The analysis unfolded in four phases: by making basic counts, by identifying the overlaps, through looking at change over time, and by examining a few metropolitan dimensions. Ingrid Gould Ellen’s technique was the most generous in the sense that her schema identified the largest number of “multi-ethnic” neighborhoods in all periods examined. The method developed by Steven Holloway and coauthors identified the fewest highly racially diverse tracts. The analysis revealed that the more restrictive definitions that yielded the fewest counts (Holloway et al. and Walton and Hardebeck) also produced tallies of neighborhoods with the highest levels of average compositional racial diversity (as captured by scaled entropy). Both methods require a racial “balance” or the meaningful presence of multiple groups to qualify as highly diverse and were thus the most congruent. Congruencies among the four approaches, however, ranged from as high as 81% to zero, depending on decade. More specifically, there was zero overlap between the scheme developed by Ellen and the one that Poulsen et al. fashioned. Poulsen et al.’s definition is potentially capturing a different phenomenon than the other three because it requires highly racially diverse tracts to be at least 70% nonwhite and has no minimum percentage required for whites. Poulsen et al.’s method thus identifies tracts with predominantly minority race groups rather than tracts where there is more of a “balance” of different races. For scholars interested in those places that are mixed and where whites are a minority, even absent, Poulsen et al.’s method is a good choice. It is worth noting, however, that this method orients the definition of highly diverse racial spaces to a disproportionate nonwhite presence rather than requiring a racial “balance” of all groups, including whites.⁴ In instances where researchers place a premium on such “balance” the methods of Holloway et al. or Walton and Hardebeck would be a better choice. In other research contexts where mixing with Whites constitutes an analytical centerpiece, Ellen’s method might rise to the fore.

Broad agreement did occur in some areas. All four methods found that the rate of growth in highly racially diverse census tracts slowed in the 2000s compared to the 1990s. All four approaches also identified low levels of survival of diverse tracts. Understanding the causes of this (in)stability should be of considerable academic and policy interest because of its implications for the ways in which increased diversity is accommodated in residential environments. Much more research is needed in this area and the research reported here suggests that scholars may productively examine this phenomenon using any one of these methods of classification. Wright et al. (2018) provides one such example.

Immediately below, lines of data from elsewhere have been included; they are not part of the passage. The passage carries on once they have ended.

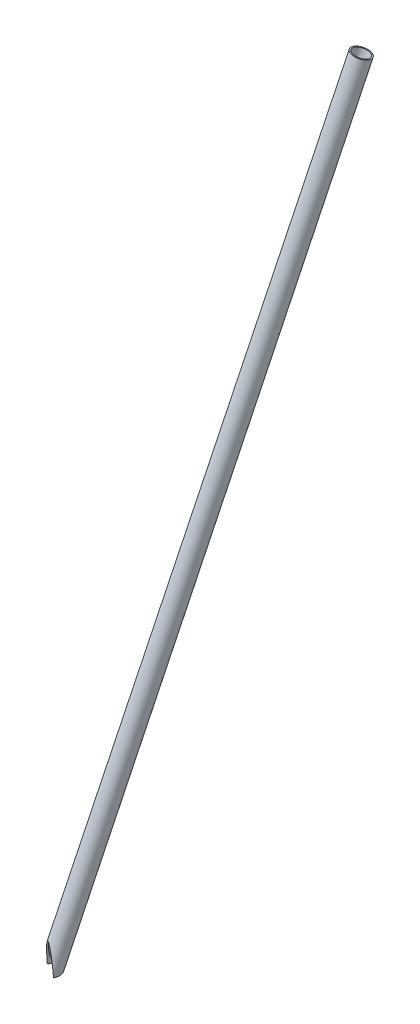
ISO-10303-21;
HEADER;
FILE_DESCRIPTION(('STEP AP214'),'2;1');
FILE_NAME('part.step','',(''),(''),'','','');
FILE_SCHEMA(('AUTOMOTIVE_DESIGN { 1 0 10303 214 1 1 1 1 }'));
ENDSEC;
DATA;
#1=APPLICATION_CONTEXT('core data for automotive mechanical design processes');
#2=APPLICATION_PROTOCOL_DEFINITION('international standard','automotive_design',2000,#1);
#3=PRODUCT_CONTEXT('',#1,'mechanical');
#4=PRODUCT('Part','Part','',(#3));
#5=PRODUCT_RELATED_PRODUCT_CATEGORY('part','',(#4));
#6=PRODUCT_DEFINITION_FORMATION('','',#4);
#7=PRODUCT_DEFINITION_CONTEXT('part definition',#1,'design');
#8=PRODUCT_DEFINITION('design','',#6,#7);
#9=PRODUCT_DEFINITION_SHAPE('','',#8);
#10=(LENGTH_UNIT() NAMED_UNIT(*) SI_UNIT(.MILLI.,.METRE.));
#11=(NAMED_UNIT(*) PLANE_ANGLE_UNIT() SI_UNIT($,.RADIAN.));
#12=(NAMED_UNIT(*) SI_UNIT($,.STERADIAN.) SOLID_ANGLE_UNIT());
#13=UNCERTAINTY_MEASURE_WITH_UNIT(LENGTH_MEASURE(1.E-05),#10,'distance_accuracy_value','');
#14=(GEOMETRIC_REPRESENTATION_CONTEXT(3) GLOBAL_UNCERTAINTY_ASSIGNED_CONTEXT((#13)) GLOBAL_UNIT_ASSIGNED_CONTEXT((#10,
#11,#12)) REPRESENTATION_CONTEXT('',''));
#15=CARTESIAN_POINT('',(0.,0.,0.));
#16=DIRECTION('',(0.,0.,1.));
#17=DIRECTION('',(1.,0.,0.));
#18=AXIS2_PLACEMENT_3D('',#15,#16,#17);
#19=CARTESIAN_POINT('',(-115.,920.,-1946.51325703663));
#20=DIRECTION('',(-0.140336447675245,-0.956366902675742,0.256257739239816));
#21=DIRECTION('',(0.,-0.258819045102517,-0.965925826289069));
#22=AXIS2_PLACEMENT_3D('',#19,#20,#21);
#23=CYLINDRICAL_SURFACE('',#22,9.39999999999998);
#24=CARTESIAN_POINT('',(-115.,920.,-1946.51325703663));
#25=DIRECTION('',(0.140336447675245,0.956366902675757,-0.25625773923976));
#26=DIRECTION('',(0.,0.258819045102461,0.965925826289084));
#27=AXIS2_PLACEMENT_3D('',#24,#25,#26);
#28=CIRCLE('',#27,9.39999999999998);
#29=CARTESIAN_POINT('',(-115.,922.432899023963,-1937.43355426951));
#30=VERTEX_POINT('',#29);
#31=EDGE_CURVE('E82',#30,#30,#28,.T.);
#32=ORIENTED_EDGE('',*,*,#31,.T.);
#33=EDGE_LOOP('',(#32));
#34=FACE_BOUND('',#33,.T.);
#35=CARTESIAN_POINT('',(-249.187093715794,3.10690676470209,-1710.56408925442));
#36=CARTESIAN_POINT('',(-248.92508342383,3.08321310541061,-1710.55773909982));
#37=CARTESIAN_POINT('',(-248.663002634256,3.06270874705635,-1710.54082360263));
#38=CARTESIAN_POINT('',(-248.140694326603,3.02706388530787,-1710.48565682954));
#39=CARTESIAN_POINT('',(-247.88046719588,3.01192447255609,-1710.44740121945));
#40=CARTESIAN_POINT('',(-247.363593267322,2.98623599681016,-1710.34952661938));
#41=CARTESIAN_POINT('',(-247.106949714954,2.97569086280886,-1710.28988942315));
#42=CARTESIAN_POINT('',(-246.599385985328,2.95864335209849,-1710.14948507557));
#43=CARTESIAN_POINT('',(-246.348465496006,2.95214075444945,-1710.06871907932));
#44=CARTESIAN_POINT('',(-245.8541567601,2.94278079040517,-1709.88647935129));
#45=CARTESIAN_POINT('',(-245.61076934013,2.93992382267563,-1709.78500335617));
#46=CARTESIAN_POINT('',(-245.13334470038,2.9376101096076,-1709.56198862529));
#47=CARTESIAN_POINT('',(-244.899307604027,2.93815340913886,-1709.4404496248));
#48=CARTESIAN_POINT('',(-244.442355052878,2.94253110033467,-1709.17818705773));
#49=CARTESIAN_POINT('',(-244.21943670936,2.94636463241379,-1709.03746850996));
#50=CARTESIAN_POINT('',(-243.786257716314,2.95734601101924,-1708.73785670425));
#51=CARTESIAN_POINT('',(-243.575996963565,2.96449383051386,-1708.57896359455));
#52=CARTESIAN_POINT('',(-243.171046714164,2.98220078496964,-1708.24540111253));
#53=CARTESIAN_POINT('',(-242.97625733425,2.99273535975692,-1708.07085165632));
#54=CARTESIAN_POINT('',(-242.601906333155,3.01752860192387,-1707.70636870131));
#55=CARTESIAN_POINT('',(-242.42234470325,3.03178726716954,-1707.51643521134));
#56=CARTESIAN_POINT('',(-242.079554782849,3.06449054861608,-1707.12261715733));
#57=CARTESIAN_POINT('',(-241.916330478228,3.0829361827568,-1706.9187292091));
#58=CARTESIAN_POINT('',(-241.607254112915,3.12465611158026,-1706.49865439916));
#59=CARTESIAN_POINT('',(-241.461402003459,3.14793039270847,-1706.28246757197));
#60=CARTESIAN_POINT('',(-241.186720652856,3.2004018202152,-1705.83762372278));
#61=CARTESIAN_POINT('',(-241.058048444121,3.22964813903503,-1705.60887551418));
#62=CARTESIAN_POINT('',(-240.819892021037,3.29511783795351,-1705.14253198881));
#63=CARTESIAN_POINT('',(-240.710409229458,3.33134173497623,-1704.90493601762));
#64=CARTESIAN_POINT('',(-240.511157657118,3.41230049337391,-1704.42301062551));
#65=CARTESIAN_POINT('',(-240.421389308705,3.45703554136223,-1704.17868105706));
#66=CARTESIAN_POINT('',(-240.261923480868,3.5569820724605,-1703.68567151367));
#67=CARTESIAN_POINT('',(-240.192221650508,3.61219128019081,-1703.43699249422));
#68=CARTESIAN_POINT('',(-240.085241282712,3.72290024283653,-1702.98927007647));
#69=CARTESIAN_POINT('',(-240.044243999528,3.77601312777615,-1702.79051842046));
#70=CARTESIAN_POINT('',(-239.974925251883,3.89191319780647,-1702.39363904376));
#71=CARTESIAN_POINT('',(-239.946601000123,3.95469825151929,-1702.19551119539));
#72=CARTESIAN_POINT('',(-239.902433220347,4.09149374174529,-1701.80208769938));
#73=CARTESIAN_POINT('',(-239.886569735561,4.16548600146989,-1701.60678801676));
#74=CARTESIAN_POINT('',(-239.866805012364,4.32647762284114,-1701.22098943555));
#75=CARTESIAN_POINT('',(-239.862901260381,4.41347424733332,-1701.03048953655));
#76=CARTESIAN_POINT('',(-239.865989319182,4.58558591025853,-1700.6894392696));
#77=CARTESIAN_POINT('',(-239.871202940311,4.66839279195691,-1700.5377067829));
#78=CARTESIAN_POINT('',(-239.888632185935,4.84453085093842,-1700.24089513107));
#79=CARTESIAN_POINT('',(-239.900846835166,4.93786056090631,-1700.09581504228));
#80=CARTESIAN_POINT('',(-239.931452314187,5.13518230507602,-1699.81400330241));
#81=CARTESIAN_POINT('',(-239.949836555511,5.23916288333454,-1699.67726292872));
#82=CARTESIAN_POINT('',(-239.991824635554,5.45762852543314,-1699.41330085474));
#83=CARTESIAN_POINT('',(-240.015428545585,5.57211373277433,-1699.28607928453));
#84=CARTESIAN_POINT('',(-240.066774777882,5.81064602457094,-1699.04232212482));
#85=CARTESIAN_POINT('',(-240.094509567465,5.93467551002928,-1698.92576769565));
#86=CARTESIAN_POINT('',(-240.153146741467,6.1913819473769,-1698.70351462467));
#87=CARTESIAN_POINT('',(-240.184049178627,6.3240590432304,-1698.59781616368));
#88=CARTESIAN_POINT('',(-240.248164339339,6.59688819177488,-1698.39710640458));
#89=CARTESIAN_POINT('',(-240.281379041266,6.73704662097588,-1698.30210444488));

All four schemas showed that highly racially diverse tracts are heavily concentrated in the largest United States metropolitan places. Ellen’s technique, however, recorded the lowest large-metropolitan share, a difference that grew between 1990 and 2010. Shifting scale to specific metropolitan areas further separated Ellen’s approach from the others. In Washington DC for example, – a place with a long history of Black-White segregation but with a recent history of considerable Latinx and Asian immigration, the four approaches all found high rates of growth in the count of racially diverse tracts. But for other metropolitan areas, Ellen’s method departed from the others, producing not only different counts but also different directions of change: finding large increases in the tally of multiethnic tracts where the other schemas found no such trend. Ellen’s method also generated seemingly counter-intuitive outcomes, such as the declining number of highly racially diverse tracts in Los Angeles between 1990 and 2010. That said, scholars wanting to examine how Blacks play into neighborhood diversity in the US, should consider using Ellen’s method given its requirement for a substantial Black presence. Walton and Hardebeck’s scheme is also a possibility here for while their method emphasizes “balance”, it also requires the presence of Blacks for a neighborhood to attain their threshold for diversity. We thus agree with Sin and Krysan (2015, p. 7) when they say that “future studies need to be more explicit in clarifying which ethnoracial group is sharing a residential space with whom and, importantly, spelling out the implications of these decisions.”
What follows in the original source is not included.